Right. You now this. No one is getting Super Forest Ninja AND Wolf-Tank.
 

I think things like favored enemy and the concept of favored terrain aren't universal enough-- I think a ranger should be all about adaptability. Let favored enemy kick in any time a ranger is fighting a foe for the second time. Let favored terrain be anywhere the ranger has spent a day moving through.
 

As I said early on, anyone should be able to have an animal companion, or familiar, or henchman, or special mount. If you want to dedicate your resources to it (spells and feats) then by all means have one. A whole class dedicated to it though seems odd.

Why cannot a rogue, buy a wardog, or several of them and have animal training and teach them to guard him? Or for a ranger, perhaps make the animal companion is simply a feat that they get. Then they could get a crocodile/panther/bear/etc, train it and have it guard its master. Or paladin gets a hippogriff, or the fighter with knight background gets a squire. The enchanter gets a bodyguard thrall. These all fall into the same mold for me mechanically. Why make one class have this only? What if during roleplay an egg is found and the new player says I keep it! Then several months later it is a baby wyvern, the player wants to train it and make it theirs and is very attached to the idea of having a wyvern. Based on the Ranger Pet class what do you say? Well you are not a ranger so you cannot have a pet? This strikes me as a limitation for others more than a boon for the ranger.
 

As I said early on, anyone should be able to have an animal companion, or familiar, or henchman, or special mount. If you want to dedicate your resources to it (spells and feats) then by all means have one. A whole class dedicated to it though seems odd.

Why cannot a rogue, buy a wardog, or several of them and have animal training and teach them to guard him? Or for a ranger, perhaps make the animal companion is simply a feat that they get. Then they could get a crocodile/panther/bear/etc, train it and have it guard its master. Or paladin gets a hippogriff, or the fighter with knight background gets a squire.
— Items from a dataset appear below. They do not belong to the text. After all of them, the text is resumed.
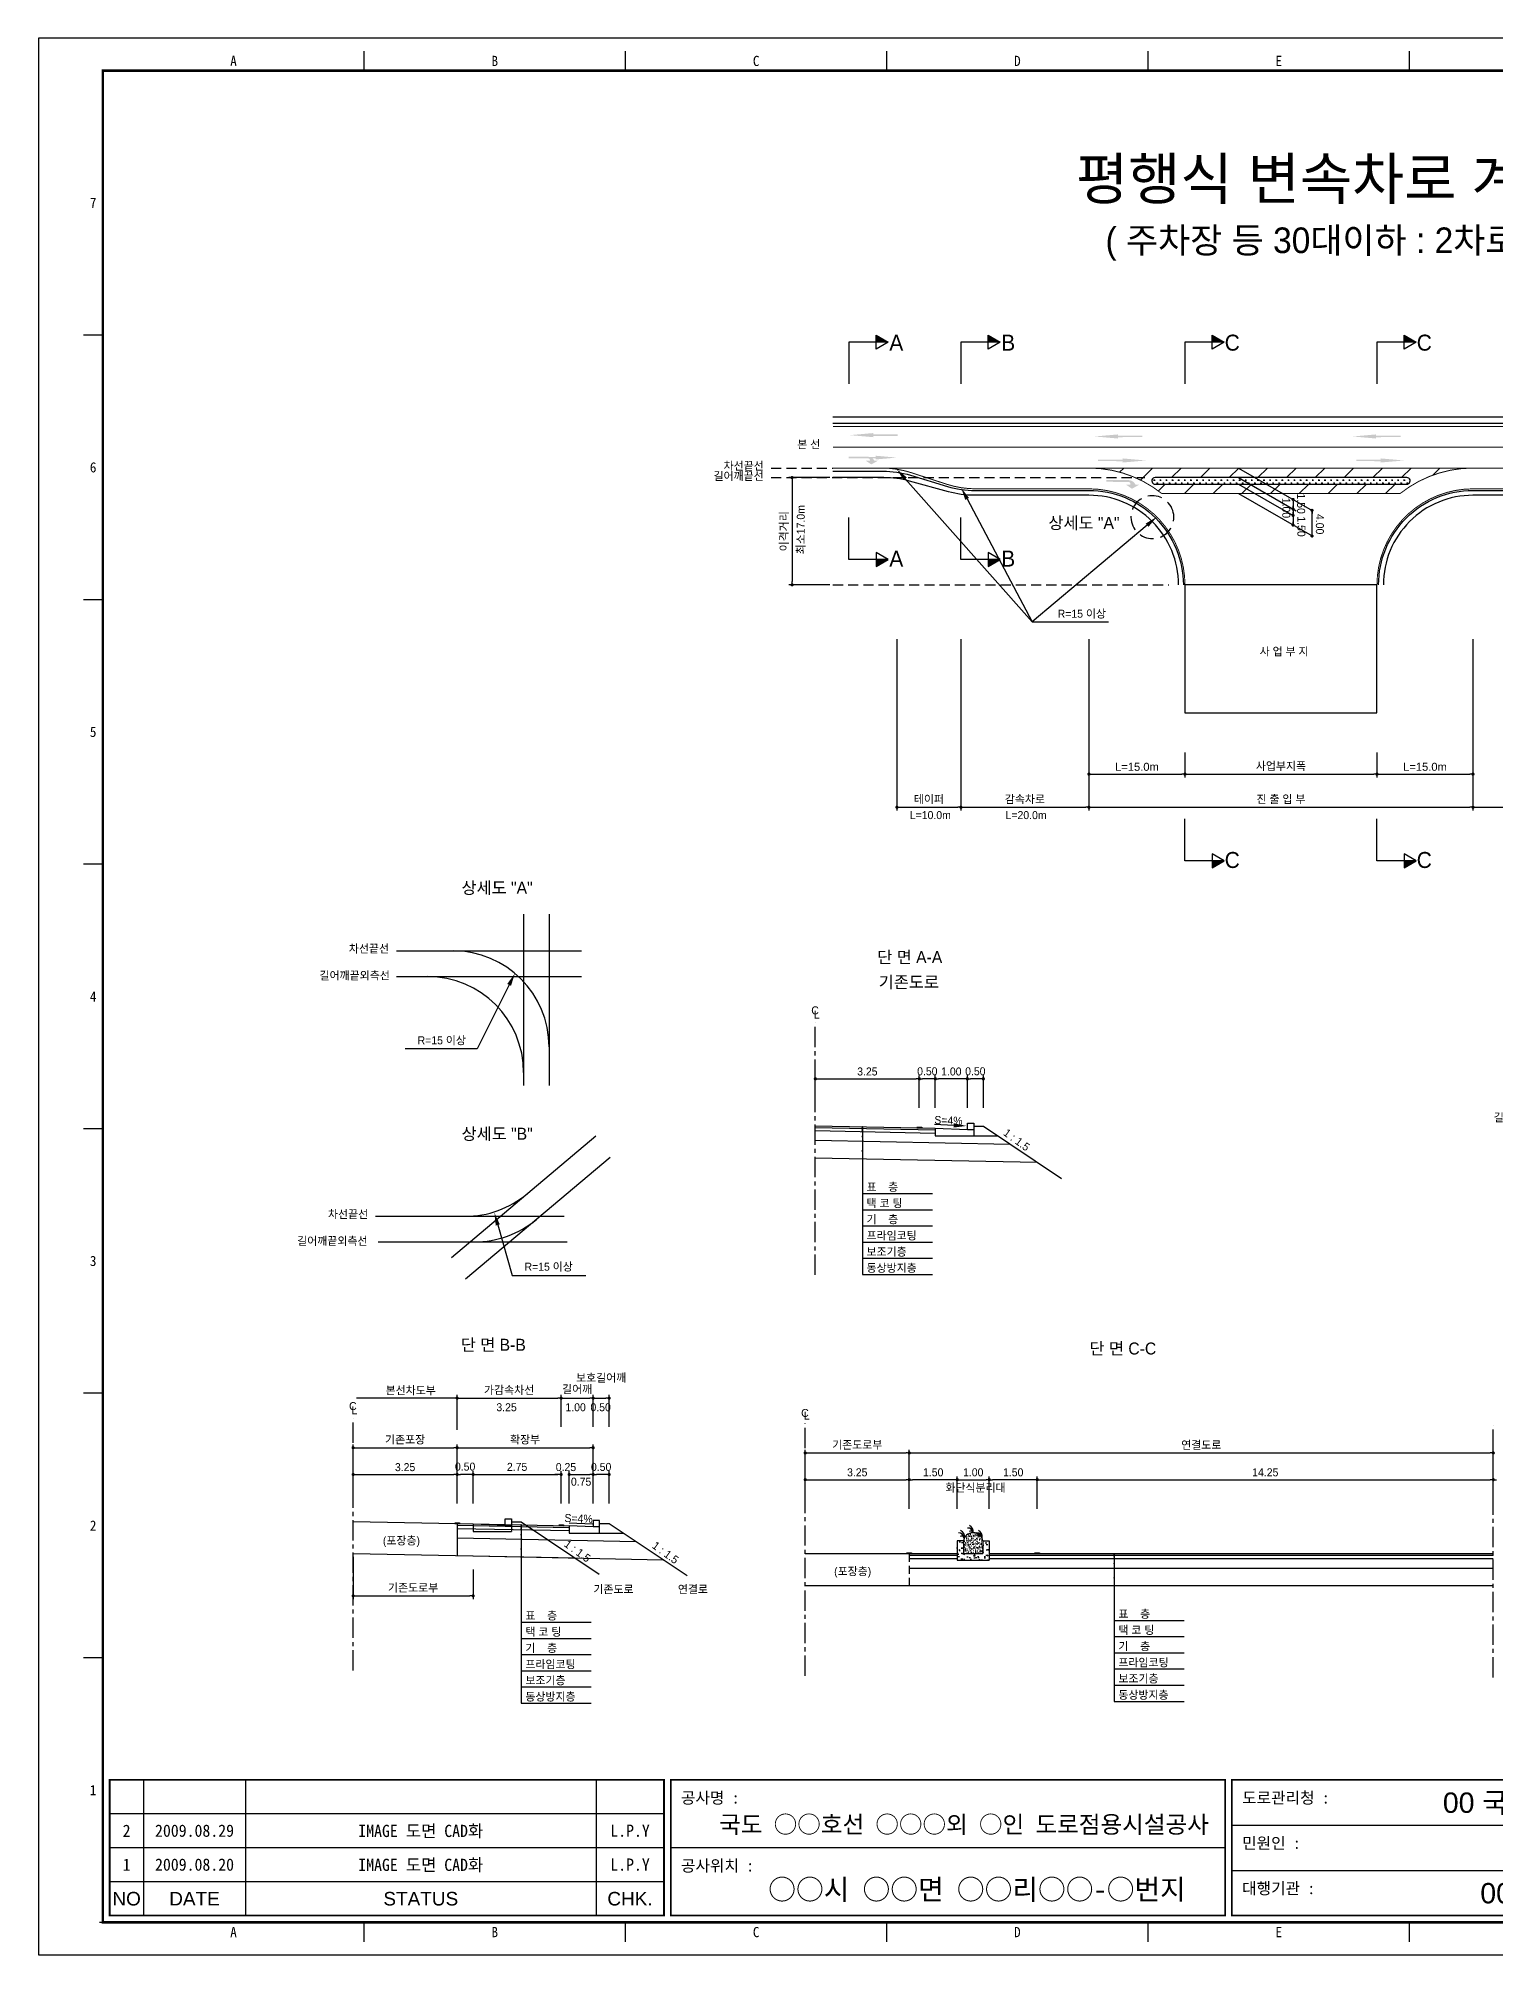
# Model space of a CAD drawing. Header units: millimetres. Extents: x 477 to 901, y 0 to 299.
# Drawn here: x 477.4 to 705.1, y -0.1 to 299.2 of the extents above; entities that cross this region are included whole.
import ezdxf
from ezdxf.enums import TextEntityAlignment as Align

# ---------------------------------------------------------------- set-up
doc = ezdxf.new("R2010")
doc.units = ezdxf.units.MM
doc.linetypes.add('CENTER', pattern=[50.8, 31.75, -6.35, 6.35, -6.35])
doc.linetypes.add('HIDDEN', pattern=[9.525, 6.35, -3.175])
for name, color, linetype in [('CC-GSTR-0004', 4, 'Continuous'), ('CM-LANE-0030', 30, 'Continuous'), ('CZ-DIMT-0002', 7, 'Continuous'), ('CZ-EXST-0002', 1, 'Continuous'), ('CZ-LIN1-0007', 7, 'Continuous'), ('CZ-LIN2-0003', 3, 'Continuous'), ('CZ-LINE-0001', 7, 'Continuous'), ('CZ-TEXT-BOX0', 7, 'Continuous'), ('TITLE', 7, 'Continuous')]:
    doc.layers.add(name, color=color, linetype=linetype)
doc.styles.add('견고딕', font='arial.ttf')
doc.styles.add('돋움', font='')
doc.styles.add('돋음체', font='')
doc.styles.get('돋움').set_extended_font_data('Dotum')
doc.styles.get('돋음체').set_extended_font_data('DotumChe')

# ---------------------------------------------------------------- blocks, each defined once
blk = doc.blocks.new('_Dot')
at = {"color": 0, "linetype": 'ByBlock', "lineweight": -2}
blk.add_line((-0.5, 0), (-1, 0), dxfattribs=at)
at = {"color": 0, "linetype": 'ByBlock', "const_width": 0.5}
blk.add_lwpolyline([(-0.25, 0, 1), (0.25, 0, 1)], format="xyb", close=True, dxfattribs=at)

msp = doc.modelspace()

# ---------------------------------------------------------------- hatches: boundary and pattern name
at = {"layer": 'CM-LANE-0030'}
h = msp.add_hatch(dxfattribs=at)
h.set_pattern_fill('ANSI31', color=256, style=0)
h.set_pattern_definition([(45, (57.3283, 1.6146), (-2.245064, 2.245064), [])])
h.paths.add_polyline_path([(701.59, 232.1), (641.59, 232.1, -0.170323), (652.99, 228.1), (690.19, 228.1, -0.170323)])
h.paths.add_polyline_path([(691.27, 230.6, -0.750696), (691.54, 229.68, 0.001926), (691.41, 229.6), (651.76, 229.6, 0.001926), (651.64, 229.68, -0.750696), (651.91, 230.6)], flags=16)
at = {"layer": 'CZ-EXST-0002'}
h = msp.add_hatch(dxfattribs=at)
h.set_pattern_fill('AR-CONC', color=256, scale=0.01, style=0)
h.set_pattern_definition([(50, (-487.108, 3545.3537), (1.8218467, -0.15939086), [0.1905, -2.0955]), (355, (-487.108, 3545.3537), (-0.3524283, 1.9105664), [0.1524, -1.6764]), (100.451, (-486.9561, 3545.3404), (1.469425, 1.7511669), [0.1619, -1.7809]), (46.1842, (-487.108, 3545.8617), (2.7107904, -0.4204233), [0.28575, -3.14325]), (96.6356, (-486.882, 3545.8267), (2.3740423, 2.4742556), [0.24285, -2.67135]), (351.184, (-487.108, 3545.8617), (2.374046, 2.4742512), [0.2286, -2.5146]), (21, (-486.854, 3545.7347), (1.5161488, -1.0226552), [0.1905, -2.0955]), (326, (-486.854, 3545.7347), (0.6180203, 1.8418797), [0.1524, -1.6764]), (71.4514, (-486.7276, 3545.6495), (2.1341649, 0.8192286), [0.1619, -1.7809]), (37.5, (-487.1079, 3545.3537), (0.03088603, 0.84555039), [0, -1.65608, 0, -1.7018, 0, -1.68275]), (7.5, (-487.1079, 3545.3537), (0.66819663, 1.00180575), [0, -0.97028, 0, -1.61798, 0, -0.64135]), (327.5, (-487.67435, 3545.3537), (1.35590595, -0.05728744), [0, -0.635, 0, -1.9812, 0, -2.6289]), (317.5, (-487.9283, 3545.3537), (1.4812918, 0.2542649), [0, -0.8255, 0, -1.31572, 0, -1.8669])])
h.paths.add_polyline_path([(626.01, 61.51), (626.01, 64.51), (625.01, 64.51), (625.01, 62.51), (622.01, 62.51), (622.01, 64.51), (621.01, 64.51), (621.01, 61.51)])
h = msp.add_hatch(dxfattribs=at)
h.set_pattern_fill('AR-SAND', color=256, scale=0.01, style=0)
h.set_pattern_definition([(37.5, (-487.10793, 3545.3537), (-0.016000313, 0.489413237), [0, -0.38608, 0, -0.4318, 0, -0.41275]), (7.5, (-487.1079, 3545.3537), (0.44952328, 0.7168251), [0, -0.20828, 0, -0.34798, 0, -0.13335]), (327.5, (-487.42035, 3545.3537), (0.79099237, 0.001437185), [0, -0.127, 0, -0.4572, 0, -0.5969]), (317.5, (-487.42035, 3545.3537), (0.76355645, 0.22292932), [0, -0.0635, 0, -0.29972, 0, -0.3429])])
edge = h.paths.add_edge_path()
edge.add_ellipse((623.51, 64.51), major_axis=(-1.5, 0), ratio=0.829212, start_angle=180, end_angle=360)
edge.add_line((622.01, 64.51), (622.01, 62.51))
edge.add_line((622.01, 62.51), (625.01, 62.51))
edge.add_line((625.01, 62.51), (625.01, 64.51))
at = {"layer": 'CZ-LIN1-0007'}
for points in [[(607.89, 237.56), (607.89, 237.35), (611.72, 237.35), (611.72, 237.13), (607.89, 237.13), (607.89, 236.92), (604.24, 237.24)], [(646.13, 237.35), (646.13, 237.14), (649.95, 237.14), (649.95, 236.93), (646.13, 236.92), (646.13, 236.71), (642.48, 237.03)], [(686.45, 237.35), (686.45, 237.14), (690.27, 237.14), (690.27, 236.93), (686.45, 236.92), (686.45, 236.71), (682.8, 237.03)], [(607.16, 233.85, -0.267976), (608.06, 233.24), (608.62, 233.24), (607.59, 232.66), (606.75, 233.23), (607.36, 233.24, 0.504994), (607.09, 233.61), (604.04, 233.62), (604.04, 233.86)], [(608.29, 234.02), (608.29, 233.83), (604.86, 233.83), (604.86, 233.63), (608.29, 233.63), (608.29, 233.44), (611.56, 233.73)], [(646.85, 233.6), (646.85, 233.39), (643.03, 233.39), (643.03, 233.18), (646.85, 233.17), (646.85, 232.96), (650.5, 233.28)], [(687.17, 233.6), (687.17, 233.39), (683.35, 233.39), (683.35, 233.18), (687.17, 233.17), (687.17, 232.96), (690.82, 233.28)], [(647.83, 230.21, -0.267976), (648.86, 229.52), (649.49, 229.52), (648.31, 228.86), (647.37, 229.51), (648.06, 229.52, 0.504994), (647.76, 229.93), (644.29, 229.95), (644.29, 230.23)], [(615.47, 129), (615.47, 129.13), (614.72, 129.14), (614.72, 129.02)], [(543.25, 67.2), (543.25, 67.32), (542.5, 67.34), (542.5, 67.21)], [(559.5, 66.87), (559.5, 67), (558.75, 67.01), (558.75, 66.89)], [(613.89, 62.51), (613.89, 62.63), (613.14, 62.63), (613.14, 62.51)], [(633.89, 62.51), (633.89, 62.63), (633.14, 62.63), (633.14, 62.51)]]:
    msp.add_hatch(color=256, dxfattribs=at).paths.add_polyline_path(points)
at = {"layer": 'CZ-LIN2-0003'}
h = msp.add_hatch(dxfattribs=at)
h.set_pattern_fill('CROSS', color=256, scale=0.075, style=0)
h.set_pattern_definition([(0, (57.32826, 1.61463), (0.47625, 0.47625), [0.238125, -0.714375]), (90, (57.4473, 1.49556), (-0.47625, 0.47625), [0.238125, -0.714375])])
h.paths.add_polyline_path([(691.41, 229.6, -0.001926), (691.54, 229.68, 0.750696), (691.27, 230.6), (651.91, 230.6, 0.750696), (651.64, 229.68, -0.001926), (651.76, 229.6)])
at = {"layer": 'CZ-LINE-0001'}
for points in [[(608.33, 252.87), (608.33, 251.77), (610.24, 251.77)], [(625.83, 252.87), (625.83, 251.77), (627.73, 251.77)], [(660.83, 252.87), (660.83, 251.77), (662.73, 251.77)], [(690.83, 252.87), (690.83, 251.77), (692.73, 251.77)], [(610.24, 217.82), (608.33, 217.82), (608.33, 216.72)], [(627.73, 217.82), (625.83, 217.82), (625.83, 216.72)], [(662.73, 170.74), (660.83, 170.74), (660.83, 169.64)], [(692.73, 170.74), (690.83, 170.74), (690.83, 169.64)]]:
    msp.add_hatch(color=256, dxfattribs=at).paths.add_polyline_path(points)

# ---------------------------------------------------------------- linework, layer by layer
at = {"color": 0, "linetype": 'ByBlock', "lineweight": -2}
for p, q in [((673.48, 226.94), (673.48, 226.69)), ((673.48, 225.94), (673.48, 226.19)), ((673.48, 225.44), (673.48, 225.19)), ((673.48, 224.94), (673.48, 225.19)), ((676.44, 225.24), (676.44, 224.99)), ((673.48, 223.44), (673.48, 223.69)), ((676.44, 221.74), (676.44, 221.99)), ((542.63, 86.8), (542.38, 86.8)), ((705.01, 74.06), (705.26, 74.06))]:
    msp.add_line(p, q, dxfattribs=at)
at = {"color": 0, "linetype": 'ByBlock', "const_width": 0.25}
for points in [[(673.48, 227.07, 1), (673.48, 227.32, 1)], [(673.48, 225.82, 1), (673.48, 225.57, 1)], [(673.48, 225.57, 1), (673.48, 225.82, 1)], [(673.48, 224.82, 1), (673.48, 224.57, 1)], [(676.44, 225.36, 1), (676.44, 225.61, 1)], [(673.48, 223.32, 1), (673.48, 223.07, 1)], [(676.44, 221.61, 1), (676.44, 221.36, 1)], [(542.75, 86.8, 1), (543, 86.8, 1)], [(704.89, 74.06, 1), (704.64, 74.06, 1)]]:
    msp.add_lwpolyline(points, format="xyb", close=True, dxfattribs=at)
at = {"layer": 'CC-GSTR-0004'}
for p, q in [((617.59, 128.96), (617.59, 127.76)), ((617.59, 128.96), (622.59, 128.76)), ((622.59, 128.76), (622.59, 129.76)), ((622.59, 129.76), (623.59, 129.76)), ((622.59, 128.76), (623.59, 128.76)), ((623.59, 129.76), (623.59, 127.76)), ((617.59, 127.76), (623.59, 127.76))]:
    msp.add_line(p, q, dxfattribs=at)
for points in [[(601.59, 240.1), (771.59, 240.1)], [(601.59, 239.1), (771.59, 239.1)], [(565.13, 66.7), (564.13, 66.7), (560.38, 66.85), (560.38, 65.7), (565.13, 65.7), (565.13, 67.7), (564.13, 67.7), (564.13, 66.7)]]:
    msp.add_lwpolyline(points, dxfattribs=at)
for points in [[(601.59, 231.6), (609.39, 231.6, -0.072993), (613.7, 230.97), (613.7, 230.97), (619.48, 229.23), (619.48, 229.23, 0.072993), (623.79, 228.6), (641.59, 228.6, -0.414214), (656.34, 213.85)], [(655.59, 213.85, 0.414214), (641.59, 227.85), (623.61, 227.85, -0.067192), (619.64, 228.39), (613.54, 230.06, 0.067192), (609.56, 230.6), (601.59, 230.6)], [(686.84, 213.85, -0.414214), (701.59, 228.6), (740.47, 228.6), (740.47, 228.6, 0.03724), (742.69, 228.77), (760.48, 231.43, -0.03724), (762.71, 231.6), (762.71, 231.6), (771.59, 231.6)], [(771.59, 230.6), (762.61, 230.6), (762.61, 230.6, 0.034174), (760.57, 230.46), (742.6, 227.99), (742.6, 227.99, -0.034174), (740.56, 227.85), (740.56, 227.85), (701.59, 227.85, 0.414214), (687.59, 213.85)]]:
    msp.add_lwpolyline(points, format="xyb", dxfattribs=at)
at = {"layer": 'CM-LANE-0030', "const_width": 0.15}
msp.add_lwpolyline([(601.59, 235.35), (771.59, 235.35)], dxfattribs=at)
msp.add_lwpolyline([(690.19, 228.1), (652.99, 228.1, 0.170323), (641.59, 232.1), (701.59, 232.1, 0.170323)], format="xyb", close=True, dxfattribs=at)
at = {"layer": 'CZ-EXST-0002'}
for p, q in [((553.27, 162.42), (553.27, 135.64)), ((557.25, 162.42), (557.25, 135.64)), ((533.38, 156.68), (562.32, 156.68)), ((533.38, 152.66), (562.32, 152.66)), ((541.99, 108.77), (564.54, 127.76)), ((544.2, 105.41), (566.8, 124.43)), ((530.11, 115.2), (559.59, 115.2)), ((530.53, 111.2), (560.07, 111.2)), ((526.63, 67.53), (545.38, 67.15)), ((545.38, 67.15), (550.38, 66.95)), ((545.38, 67.15), (545.38, 65.95)), ((545.38, 65.95), (551.38, 65.95)), ((550.38, 67.95), (551.38, 67.95)), ((550.38, 66.95), (550.38, 67.95)), ((550.38, 66.95), (551.38, 66.95)), ((551.38, 67.95), (551.38, 65.95)), ((551.38, 67.45), (552.88, 67.45)), ((552.88, 67.45), (565.08, 59.32)), ((526.63, 62.53), (561.3, 61.83)), ((597.26, 62.51), (613.51, 62.51)), ((597.26, 57.51), (613.51, 57.51))]:
    msp.add_line(p, q, dxfattribs=at)
at = {"layer": 'CZ-LIN1-0007'}
for p, q in [((614.72, 129.14), (615.47, 129.13)), ((614.72, 129.02), (615.47, 129)), ((615.47, 129.13), (615.47, 129)), ((542.5, 67.34), (543.25, 67.32)), ((542.5, 67.21), (543.25, 67.2)), ((543.25, 67.32), (543.25, 67.2)), ((558.75, 67.01), (559.5, 67)), ((558.75, 66.89), (559.5, 66.87)), ((559.5, 67), (559.5, 66.87)), ((613.14, 62.51), (613.14, 62.63)), ((613.14, 62.63), (613.89, 62.63)), ((613.89, 62.51), (613.14, 62.51)), ((613.89, 62.63), (613.89, 62.51)), ((633.14, 62.63), (633.89, 62.63)), ((633.14, 62.51), (633.14, 62.63)), ((633.89, 62.51), (633.14, 62.51)), ((633.89, 62.63), (633.89, 62.51))]:
    msp.add_line(p, q, dxfattribs=at)
at = {"layer": 'CZ-LIN1-0007', "const_width": 0.15}
for points in [[(601.59, 238.6), (771.59, 238.6)], [(625.4, 232.1), (641.59, 232.1)], [(701.59, 232.1), (732.19, 232.1)]]:
    msp.add_lwpolyline(points, dxfattribs=at)
for points in [[(656.59, 213.85, 0.414214), (641.59, 228.85), (623.96, 228.85, -0.07872), (619.33, 229.58), (619.33, 229.58), (613.85, 231.37, 0.07872), (609.21, 232.1), (601.59, 232.1)], [(771.59, 232.1), (762.8, 232.1, 0.040295), (760.39, 231.91), (742.78, 229.04), (742.78, 229.04, -0.040295), (740.38, 228.85), (740.38, 228.85), (701.59, 228.85, 0.414214), (686.59, 213.85)]]:
    msp.add_lwpolyline(points, format="xyb", dxfattribs=at)
at = {"layer": 'CZ-LIN1-0007', "linetype": 'HIDDEN', "const_width": 0.15}
msp.add_lwpolyline([(609.21, 232.1), (625.4, 232.1)], dxfattribs=at)
at = {"layer": 'CZ-LIN2-0003'}
for p, q in [((598.84, 129.34), (617.59, 128.96)), ((598.84, 129.09), (617.59, 128.71)), ((623.59, 129.26), (625.09, 129.26)), ((625.09, 129.26), (637.29, 121.13)), ((598.84, 128.59), (617.59, 128.21)), ((598.84, 127.09), (629.27, 126.48)), ((623.59, 127.76), (627.34, 127.76)), ((598.84, 124.34), (633.52, 123.64)), ((542.88, 67.2), (542.88, 62.2)), ((542.88, 67.2), (560.38, 66.85)), ((542.88, 66.95), (560.38, 66.6)), ((542.88, 66.45), (560.38, 66.1)), ((565.13, 67.2), (566.63, 67.2)), ((566.63, 67.2), (578.83, 59.07)), ((542.88, 64.95), (570.84, 64.39)), ((565.13, 65.7), (568.88, 65.7)), ((622.01, 64.51), (621.01, 64.51)), ((621.01, 64.51), (621.01, 61.51)), ((622.01, 64.51), (622.01, 62.51)), ((625.01, 64.51), (625.01, 62.51)), ((625.01, 64.51), (626.01, 64.51)), ((626.01, 64.51), (626.01, 61.51)), ((542.88, 62.2), (575.09, 61.56)), ((613.51, 62.51), (621.01, 62.51)), ((613.51, 62.26), (621.01, 62.26)), ((613.51, 61.76), (621.01, 61.76)), ((613.51, 60.26), (704.76, 60.26)), ((621.01, 61.51), (626.01, 61.51)), ((622.01, 62.51), (625.01, 62.51)), ((626.01, 62.51), (704.76, 62.51)), ((626.01, 62.26), (704.76, 62.26)), ((626.01, 61.76), (704.76, 61.76)), ((613.51, 57.51), (704.76, 57.51))]:
    msp.add_line(p, q, dxfattribs=at)
msp.add_lwpolyline([(651.64, 229.68, -0.001926), (651.76, 229.6), (691.41, 229.6, -0.001926), (691.54, 229.68, 0.750696), (691.27, 230.6), (651.91, 230.6, 0.750696)], format="xyb", close=True, dxfattribs=at)
msp.add_lwpolyline([(686.59, 213.85), (656.59, 213.85), (656.59, 193.85), (686.59, 193.85)], close=True, dxfattribs=at)
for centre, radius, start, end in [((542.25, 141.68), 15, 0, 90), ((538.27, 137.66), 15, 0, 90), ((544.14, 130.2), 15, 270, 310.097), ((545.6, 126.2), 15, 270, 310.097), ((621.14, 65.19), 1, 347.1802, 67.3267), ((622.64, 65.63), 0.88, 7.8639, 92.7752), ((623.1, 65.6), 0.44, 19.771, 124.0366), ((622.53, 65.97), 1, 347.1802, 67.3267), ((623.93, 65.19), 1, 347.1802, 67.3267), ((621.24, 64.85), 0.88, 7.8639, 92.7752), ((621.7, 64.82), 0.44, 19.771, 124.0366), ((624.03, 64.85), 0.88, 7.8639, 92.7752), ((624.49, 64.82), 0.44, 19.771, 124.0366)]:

The enchanter gets a bodyguard thrall. These all fall into the same mold for me mechanically. Why make one class have this only? What if during roleplay an egg is found and the new player says I keep it! Then several months later it is a baby wyvern, the player wants to train it and make it theirs and is very attached to the idea of having a wyvern. Based on the Ranger Pet class what do you say? Well you are not a ranger so you cannot have a pet? This strikes me as a limitation for others more than a boon for the ranger.

It really only works if the master has training or abilities that surpass normal training. Anyone can rear and train a bear. Only special trainers can progress the bear to a stronger bear.

The D&D ranger can share his spells with his beast, something a fighter or wizard cannot. I'd let them speak with each other as well.
 

As I said early on, anyone should be able to have an animal companion, or familiar, or henchman, or special mount. If you want to dedicate your resources to it (spells and feats) then by all means have one. A whole class dedicated to it though seems odd.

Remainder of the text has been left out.